#### [Directions for this task]
Filter the listing below down to the lines containing the word "color".

#### [Input for this task]
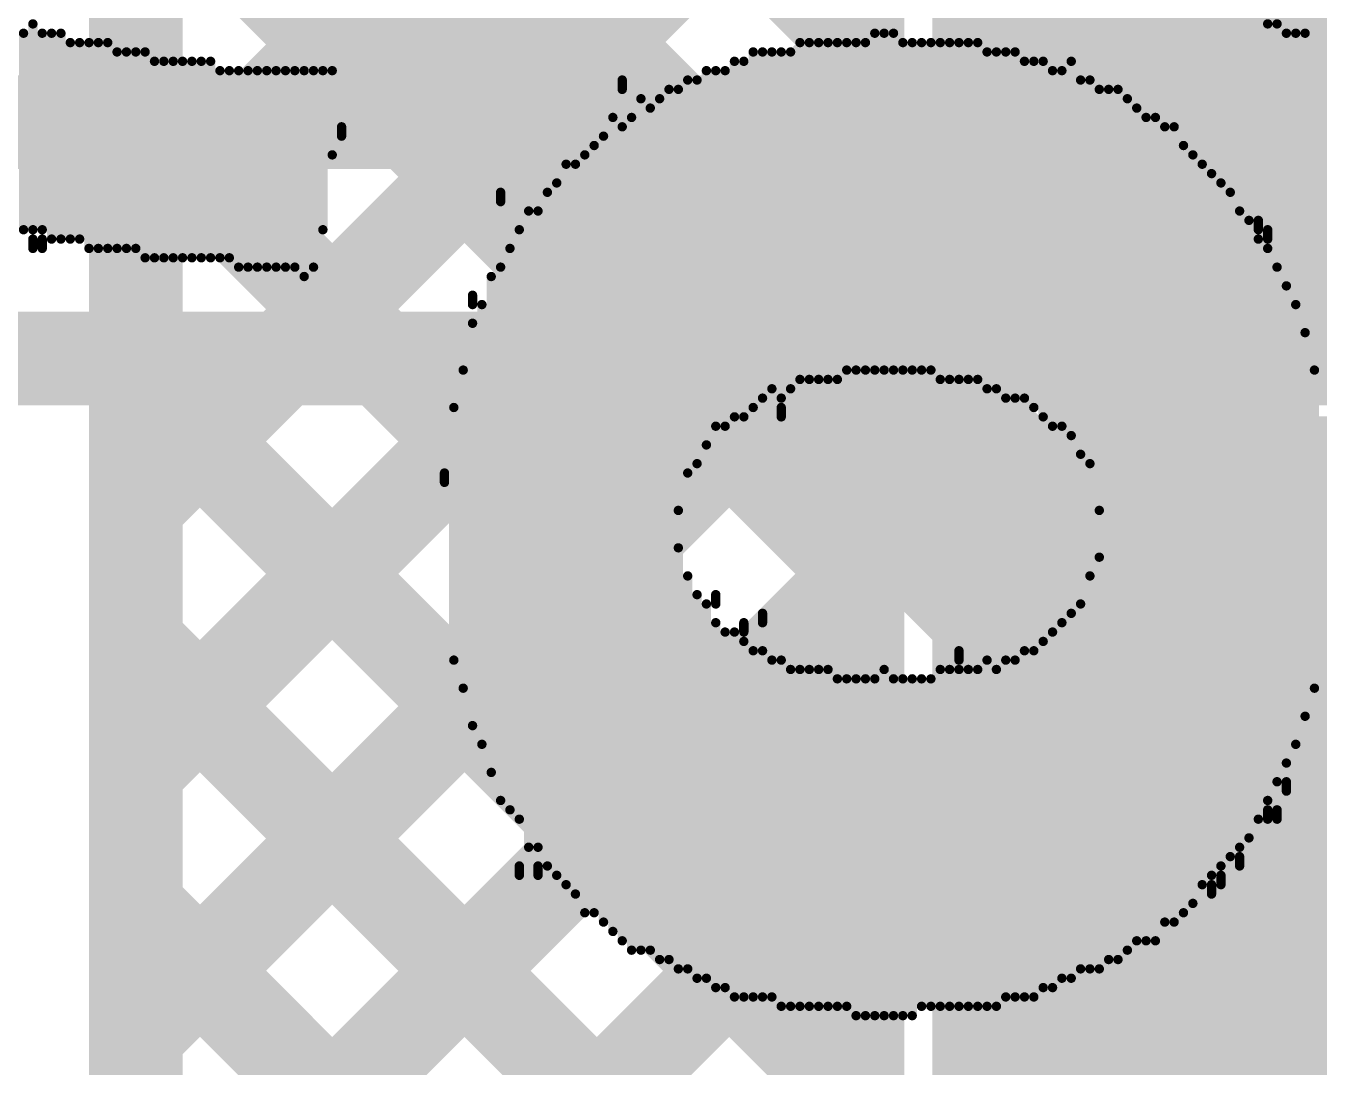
# Model space of a CAD drawing. Header units: millimetres. Extents: x 0.78 to 3.29, y 2.96 to 5.31.
# Drawn here: x 2.7532 to 2.8915, y 3.9495 to 4.0608 of the extents above; entities that cross this region are included whole.
import ezdxf

# ---------------------------------------------------------------- set-up
doc = ezdxf.new("R2010")
doc.units = ezdxf.units.MM
doc.header["$MEASUREMENT"] = 0
for name, color, linetype in [('BottomLayer', 5, 'Continuous'), ('BottomOverlay', 54, 'Continuous'), ('TopLayer', 1, 'Continuous'), ('TopOverlay', 2, 'Continuous'), ('TopPaste', 8, 'Continuous'), ('TopSolder', 216, 'Continuous')]:
    doc.layers.add(name, color=color, linetype=linetype)

# ---------------------------------------------------------------- blocks, each defined once
blk = doc.blocks.new('R__2512_28')
at = {"layer": 'TopLayer'}
blk.add_solid([(0.05315, -0.07283), (0.18307, -0.07283), (0.05315, 0.07283), (0.18307, 0.07283)], dxfattribs=at)
at = {"layer": 'TopOverlay', "const_width": 0.01}
blk.add_lwpolyline([(-0.193, -0.082), (0.193, -0.082)], dxfattribs=at)
at = {"layer": 'TopPaste'}
blk.add_solid([(0.05315, -0.07283), (0.18307, -0.07283), (0.05315, 0.07283), (0.18307, 0.07283)], dxfattribs=at)
at = {"layer": 'TopSolder'}
blk.add_solid([(0.04915, -0.07683), (0.18707, -0.07683), (0.04915, 0.07683), (0.18707, 0.07683)], dxfattribs=at)
blk = doc.blocks.new('R__2512_29')
at = {"layer": 'TopLayer'}
blk.add_solid([(0.05315, -0.07283), (0.18307, -0.07283), (0.05315, 0.07283), (0.18307, 0.07283)], dxfattribs=at)
at = {"layer": 'TopOverlay', "const_width": 0.01}
blk.add_lwpolyline([(-0.193, 0.083), (0.193, 0.083)], dxfattribs=at)
at = {"layer": 'TopPaste'}
blk.add_solid([(0.05315, -0.07283), (0.18307, -0.07283), (0.05315, 0.07283), (0.18307, 0.07283)], dxfattribs=at)
at = {"layer": 'TopSolder'}
blk.add_solid([(0.04915, -0.07683), (0.18707, -0.07683), (0.04915, 0.07683), (0.18707, 0.07683)], dxfattribs=at)

msp = doc.modelspace()

# ---------------------------------------------------------------- linework, layer by layer
at = {"layer": 'BottomLayer', "const_width": 0.025}
for points in [[(2.6383, 4.2937), (2.919, 4.013)], [(2.76918, 4.09382), (2.92874, 3.93426)]]:
    msp.add_lwpolyline(points, dxfattribs=at)
at = {"layer": 'BottomOverlay', "const_width": 0.001}
for points in [[(2.887, 4.061), (2.887, 4.107)], [(2.886, 4.061), (2.886, 4.106)], [(2.888, 4.06), (2.888, 4.105)], [(2.889, 4.06), (2.889, 4.105)], [(2.89, 4.06), (2.89, 4.104)], [(2.753, 4.039), (2.753, 4.06)], [(2.754, 4.039), (2.754, 4.061)], [(2.755, 4.039), (2.755, 4.06)], [(2.756, 4.038), (2.756, 4.06)], [(2.757, 4.038), (2.757, 4.06)], [(2.844, 4.024), (2.844, 4.06)], [(2.845, 4.024), (2.845, 4.06)], [(2.846, 4.024), (2.846, 4.06)], [(2.758, 4.038), (2.758, 4.059)], [(2.759, 4.038), (2.759, 4.059)], [(2.76, 4.037), (2.76, 4.059)], [(2.761, 4.037), (2.761, 4.059)], [(2.762, 4.037), (2.762, 4.059)], [(2.836, 4.023), (2.836, 4.059)], [(2.837, 4.023), (2.837, 4.059)], [(2.838, 4.023), (2.838, 4.059)], [(2.839, 4.023), (2.839, 4.059)], [(2.84, 4.023), (2.84, 4.059)], [(2.841, 4.024), (2.841, 4.059)], [(2.842, 4.024), (2.842, 4.059)], [(2.843, 4.024), (2.843, 4.059)], [(2.847, 4.024), (2.847, 4.059)], [(2.848, 4.024), (2.848, 4.059)], [(2.849, 4.024), (2.849, 4.059)], [(2.85, 4.024), (2.85, 4.059)], [(2.851, 4.023), (2.851, 4.059)], [(2.852, 4.023), (2.852, 4.059)], [(2.853, 4.023), (2.853, 4.059)], [(2.854, 4.023), (2.854, 4.059)], [(2.855, 4.023), (2.855, 4.059)], [(2.763, 4.037), (2.763, 4.058)], [(2.764, 4.037), (2.764, 4.058)], [(2.765, 4.037), (2.765, 4.058)], [(2.766, 4.036), (2.766, 4.058)], [(2.831, 4.02), (2.831, 4.058)], [(2.832, 4.021), (2.832, 4.058)], [(2.833, 4.022), (2.833, 4.058)], [(2.834, 4.021), (2.834, 4.058)], [(2.835, 4.022), (2.835, 4.058)], [(2.856, 4.022), (2.856, 4.058)], [(2.857, 4.022), (2.857, 4.058)], [(2.858, 4.021), (2.858, 4.058)], [(2.859, 4.021), (2.859, 4.058)], [(2.767, 4.036), (2.767, 4.057)], [(2.768, 4.036), (2.768, 4.057)], [(2.769, 4.036), (2.769, 4.057)], [(2.77, 4.036), (2.77, 4.057)], [(2.771, 4.036), (2.771, 4.057)], [(2.772, 4.036), (2.772, 4.057)], [(2.773, 4.036), (2.773, 4.057)], [(2.774, 4.036), (2.774, 4.056)], [(2.775, 4.036), (2.775, 4.056)], [(2.776, 4.035), (2.776, 4.056)], [(2.777, 4.035), (2.777, 4.056)], [(2.778, 4.035), (2.778, 4.056)], [(2.779, 4.035), (2.779, 4.056)], [(2.78, 4.035), (2.78, 4.056)], [(2.781, 4.035), (2.781, 4.056)], [(2.782, 4.035), (2.782, 4.056)], [(2.783, 4.034), (2.783, 4.056)], [(2.784, 4.035), (2.784, 4.056)], [(2.785, 4.039), (2.785, 4.056)], [(2.786, 4.047), (2.786, 4.056)], [(2.826, 4.016), (2.826, 4.056)], [(2.827, 4.018), (2.827, 4.056)], [(2.828, 4.018), (2.828, 4.056)], [(2.829, 4.019), (2.829, 4.057)], [(2.83, 4.019), (2.83, 4.057)], [(2.86, 4.021), (2.86, 4.057)], [(2.861, 4.02), (2.861, 4.057)], [(2.862, 4.019), (2.862, 4.057)], [(2.863, 4.018), (2.863, 4.056)], [(2.864, 4.018), (2.864, 4.056)], [(2.865, 4.017), (2.865, 4.057)], [(2.817, 4.054), (2.817, 4.055)], [(2.824, 4.013), (2.824, 4.055)], [(2.825, 4.014), (2.825, 4.055)], [(2.866, 4.015), (2.866, 4.055)], [(2.867, 4.014), (2.867, 4.055)], [(2.819, 3.962), (2.819, 4.053)], [(2.821, 3.961), (2.821, 4.053)], [(2.822, 3.961), (2.822, 4.054)], [(2.823, 4.009), (2.823, 4.054)], [(2.868, 4.009), (2.868, 4.054)], [(2.869, 3.961), (2.869, 4.054)], [(2.87, 3.961), (2.87, 4.054)], [(2.871, 3.962), (2.871, 4.053)], [(2.82, 3.962), (2.82, 4.052)], [(2.872, 3.963), (2.872, 4.052)], [(2.816, 3.964), (2.816, 4.051)], [(2.818, 3.962), (2.818, 4.051)], [(2.873, 3.963), (2.873, 4.051)], [(2.874, 3.963), (2.874, 4.051)], [(2.787, 4.049), (2.787, 4.05)], [(2.815, 3.965), (2.815, 4.049)], [(2.817, 3.963), (2.817, 4.05)], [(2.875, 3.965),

#### [Result below]
for name, color, linetype in [('BottomLayer', 5, 'Continuous'), ('BottomOverlay', 54, 'Continuous'), ('TopLayer', 1, 'Continuous'), ('TopOverlay', 2, 'Continuous'), ('TopPaste', 8, 'Continuous'), ('TopSolder', 216, 'Continuous')]:
    doc.layers.add(name, color=color, linetype=linetype)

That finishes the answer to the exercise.